Note that each of the $\gamma$’s and $\phi$’s here are $(m \times m)$ matrices, thus we need to be careful when appending these matrices in order to form a bigger matrix to solve them quickly -

\[\begin{bmatrix}\gamma_1 & \gamma_2 & \gamma_3\end{bmatrix} = \begin{bmatrix} \phi_1 & \phi_2 & \phi_3 \end{bmatrix} \begin{bmatrix} \gamma_0 & \gamma_1 & \gamma_2 \\ 0 & \gamma_0 & \gamma_1 \\ 0 & 0 & \gamma_0 \end{bmatrix}\]


\[\Sigma(k) = \overrightarrow{E_t} \overrightarrow{E_t'}\]

which equals $\sigma_\epsilon^2$ in case of simple $AR$. This is an $(m \times m)$ matrix found using \eqref{e2}, the only difference being $\gamma$’s and $\phi$’s are now $(m \times m)$ matrices as well.


\[AIC(k) = \ln (\det{(\Sigma(k))}) + \frac{2k_m^2}{n}\]

where, $k_m$ is the number of series in the vector, and $n$ is the number of data points in each series.
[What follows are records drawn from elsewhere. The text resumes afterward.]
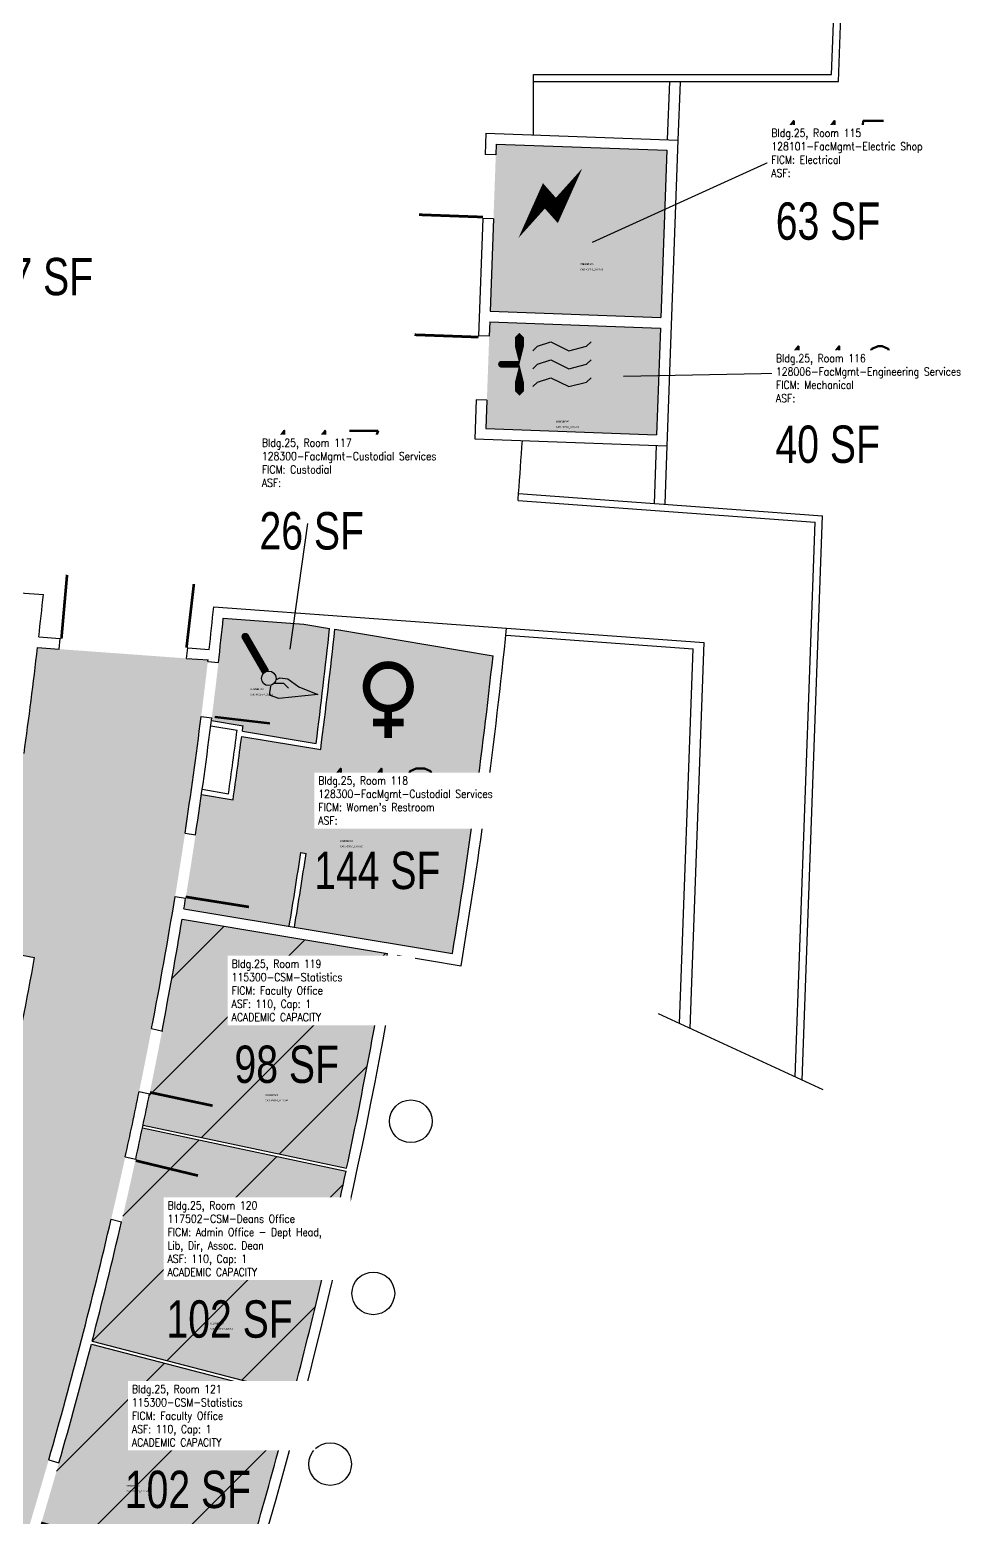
# Model space of a CAD drawing. Header units: inches. Extents: x -325 to 881, y 0 to 3497.
# Drawn here: x 358 to 881, y 1036 to 1873 of the extents above; entities that cross this region are included whole.
import ezdxf
from ezdxf.enums import TextEntityAlignment as Align

# ---------------------------------------------------------------- set-up
doc = ezdxf.new("R2010")
doc.units = ezdxf.units.IN
doc.header["$LTSCALE"] = 10
doc.header["$MEASUREMENT"] = 0
doc.layers.get('0').update_dxf_attribs({"linetype": 'CONTINUOUS'})
for name, color, linetype in [('A-DOOR', 2, 'CONTINUOUS'), ('A-IDEN-CNUM', 7, 'CONTINUOUS'), ('A-IDEN-ICON', 4, 'CONTINUOUS'), ('A-IDEN-RNUM', 7, 'CONTINUOUS'), ('A-IDEN-SNUM', 4, 'CONTINUOUS'), ('A-IDEN-VNUM', 4, 'CONTINUOUS'), ('A-SITE', 3, 'CONTINUOUS'), ('A-WALL', 5, 'CONTINUOUS'), ('AREA-TEXT', 3, 'CONTINUOUS'), ('Rooms-Capacity', 4, 'CONTINUOUS'), ('Rooms-Category-Color', 7, 'CONTINUOUS'), ('Rooms-College-Color', 7, 'CONTINUOUS'), ('Rooms-Department-Color', 7, 'CONTINUOUS'), ('Rooms-Division-Color', 7, 'CONTINUOUS'), ('Rooms-Information', 7, 'CONTINUOUS')]:
    doc.layers.add(name, color=color, linetype=linetype)
doc.styles.add('AREA', font='arial.ttf', dxfattribs={"width": 0.75, "height": 24})
doc.styles.add('ROOMSNUMBER', font='txt', dxfattribs={"height": 0.03})
doc.styles.add('ROOMVNUMBER', font='simplex.shx', dxfattribs={"width": 0.85})
pattern_1 = [(45, (0, 0), (-26.51650429449553, 26.51650429449553), [])]

# ---------------------------------------------------------------- blocks, each defined once
blk = doc.blocks.new('CPELECT')
at = {"color": 0, "linetype": 'ByBlock'}
blk.add_lwpolyline([(0.06232050807568612, 0.06294228634059933, 0, 0.03, 0), (0.01049038105679756, -0.01683012701892236, 0.03000000000000025, 0.03000000000000025, 0), (-0.01049038105679756, 0.006830127018921953, 0.03, 0, 0), (-0.06232050807568612, -0.07294228634059961, 0.03, 0, 0)], format="xyseb", dxfattribs=at)
blk = doc.blocks.new('CPWOMEN')
at = {"color": 0, "linetype": 'ByBlock', "const_width": 0.015}
blk.add_lwpolyline([(-0.03750000000002274, 0, 1), (0.04750000000001364, 0, 1)], format="xyb", close=True, dxfattribs=at)
for points in [[(0.004999999999995453, -0.03999999999999915), (0.004999999999995453, -0.1000000000000014)], [(-0.02499999999997726, -0.07000000000000028), (0.03500000000002501, -0.07000000000000028)]]:
    blk.add_lwpolyline(points, dxfattribs=at)
blk = doc.blocks.new('CPCUST')
at = {"color": 0, "linetype": 'ByBlock'}
for p, q in [((0.01710768682039543, -0.06389526559284252), (0.02000603612435725, -0.04661972163469329)), ((0.02622214892755892, -0.04084634061456337), (0.0445807061709047, -0.04056143188978271)), ((0.0296781998588358, -0.03407984564873644), (0.03758796190732028, -0.03023640276653876)), ((0.03758796190732028, -0.03023640276653876), (0.05333712680811686, -0.03237435190612691)), ((0.0445807061709047, -0.04056143188978271), (0.05433683077671958, -0.05052010497931518)), ((0.05333712680811686, -0.03237435190612691), (0.07452052004998677, -0.04788691310499892)), ((0.07452052004998677, -0.04788691310499892), (0.1117389269890054, -0.06251715192284006)), ((0.03576614561558245, -0.07045290280554815), (0.01710768682039543, -0.06389526559284252)), ((0.1117389269890054, -0.06251715192284006), (0.03576614561558245, -0.07045290280554815))]:
    blk.add_line(p, q, dxfattribs=at)
at = {"color": 0, "linetype": 'ByBlock', "const_width": 0.0075}
blk.add_lwpolyline([(-0.03324759526418575, 0.04812499999999999, 1), (-0.02675240473581653, 0.05187500000000002, 1)], format="xyb", close=True, dxfattribs=at)
at = {"color": 0, "linetype": 'ByBlock', "const_width": 0.015}
blk.add_lwpolyline([(-0.02999999999997272, 0.05), (0.009999999999990905, -0.01928203230275514)], dxfattribs=at)
at = {"color": 0, "linetype": 'ByBlock'}
blk.add_circle((0.01581866083250816, -0.03126680850405537), 0.01414213562373094, dxfattribs=at)
blk = doc.blocks.new('CPMECH')
at = {"color": 0, "linetype": 'ByBlock'}
for p, q in [((0.004999999999995453, 0.02499999999999858), (0.01499999999998636, 0.03499999999999659)), ((0.01499999999998636, 0.03499999999999659), (0.04499999999998749, 0.04500000000000171)), ((0.04499999999998749, 0.04500000000000171), (0.08500000000000796, 0.02499999999999858)), ((0.08500000000000796, 0.02499999999999858), (0.125, 0.03499999999999659)), ((0.125, 0.03499999999999659), (0.1349999999999909, 0.04500000000000171)), ((0.01499999999998636, -0.005000000000002558), (0.04499999999998749, 0.005000000000002558)), ((0.04499999999998749, 0.005000000000002558), (0.08500000000000796, -0.01500000000000057)), ((0.125, -0.005000000000002558), (0.1349999999999909, 0.005000000000002558)), ((0.004999999999995453, -0.01500000000000057), (0.01499999999998636, -0.005000000000002558)), ((0.08500000000000796, -0.01500000000000057), (0.125, -0.005000000000002558)), ((0.004999999999995453, -0.05499999999999972), (0.01499999999998636, -0.04500000000000171)), ((0.01499999999998636, -0.04500000000000171), (0.04499999999998749, -0.03499999999999659)), ((0.04499999999998749, -0.03499999999999659), (0.08500000000000796, -0.05499999999999972)), ((0.08500000000000796, -0.05499999999999972), (0.125, -0.04500000000000171)), ((0.125, -0.04500000000000171), (0.1349999999999909, -0.03499999999999659))]:
    blk.add_line(p, q, dxfattribs=at)
for points in [[(-0.02500000000000568, -0.005000000000002558, 0, 0.01999999999999999, 0), (-0.02500000000000568, 0.03499999999999659, 0.01999999999999999, 0.01999999999999999, 0), (-0.02500000000000568, 0.05499999999999972, 0.01999999999999999, 0, 0), (-0.02500000000000568, 0.06499999999999773, 0, 0, 0)], [(-0.02500000000000568, -0.005000000000002558, 0, 0.01999999999999999, 0), (-0.02500000000000568, -0.04500000000000171, 0.01999999999999999, 0.01999999999999999, 0), (-0.02500000000000568, -0.06499999999999773, 0.01999999999999999, 0, 0), (-0.02500000000000568, -0.07500000000000284, 0, 0, 0)]]:
    blk.add_lwpolyline(points, format="xyseb", dxfattribs=at)
at = {"color": 0, "linetype": 'ByBlock', "const_width": 0.015}
blk.add_lwpolyline([(-0.02500000000000568, -0.005000000000002558), (-0.06499999999999773, -0.005000000000002558)], dxfattribs=at)
at = {"color": 0, "linetype": 'ByBlock', "const_width": 0.0075}
blk.add_lwpolyline([(-0.06824759526418234, -0.006875000000000853, 1), (-0.06175240473581312, -0.003124999999997158, 1)], format="xyb", close=True, dxfattribs=at)

msp = doc.modelspace()

# ---------------------------------------------------------------- hatches: boundary and pattern name
at = {"layer": 'Rooms-Capacity'}
h = msp.add_hatch(dxfattribs=at)
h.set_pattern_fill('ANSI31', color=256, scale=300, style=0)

As $\Sigma(k)$ is a diagonal matrix, $\det(\Sigma(k)) = $ product of diagonal entries.

Granger Causality

Sometimes, we may not be interested in how the values of just a single time series depend upon their past(or lagged versions), but we may be interested multiple time-series and their interactions. (e.g. property rates in neighbouring counties).

Consider, for example, goods exported by two cities $R$ and $P$ over a period of time. Suppose $R$ is a rich city and the goods exported by them in the year $t$ is $r_t$, and $P$ is a poor city and the goods exported by them in the year $t$ is $p_t$.

Granger Causality gives an idea of prediction.

Steps involved:

Construct two models of $X(t)$ as follows -

Then, the Granger F-statistic is defined as:

\[F_{Y \to X} = \ln \frac{var(\epsilon)}{var(\epsilon_c)}\]

If $Y$ causes $X$, then, $F_{Y \to X} > 0$, otherwise, $F_{Y \to X} = 0$.

To estimate the causality from $Y$ to $X$ when there are other variables in the system, construct VAR models of $X$ along with other variables including $Y$ in one case and excluding it in the other. Then check which of the models is better suited by computing Granger F-statistic.


Simulate coupled AR processes defined as -

\[X(t) = aX(t-1) + cY(t-1) + \epsilon_{X,t} \\ Y(t) = bY(t-1)+ \epsilon_{Y, t}\]

where $a=0.9, b=0.8, c=0.8$ and length of the series is 1000. Simulate the noise terms, $\epsilon_X, \epsilon_Y = \eta\nu$ where $\eta$ is the standard normal distribution and $\nu = 0.01$ is the intensity of noise. Estimate the AR coefficients of the simulated signal $X$, assuming two models of $X$:

  1. $X(t)$ depends only on past $X$ values
  2. $X(t)$ depends on past $X$ and $Y$ values

Assume maximum lags = $k$ in both cases to be 10. By estimating the variance of the error terms for each $k$, estimate $AIC(k)$ for both models. Select models 1. and 2. with optimal $AIC$. Using these models, compute Granger causality F-statistic from $Y$ to $X$.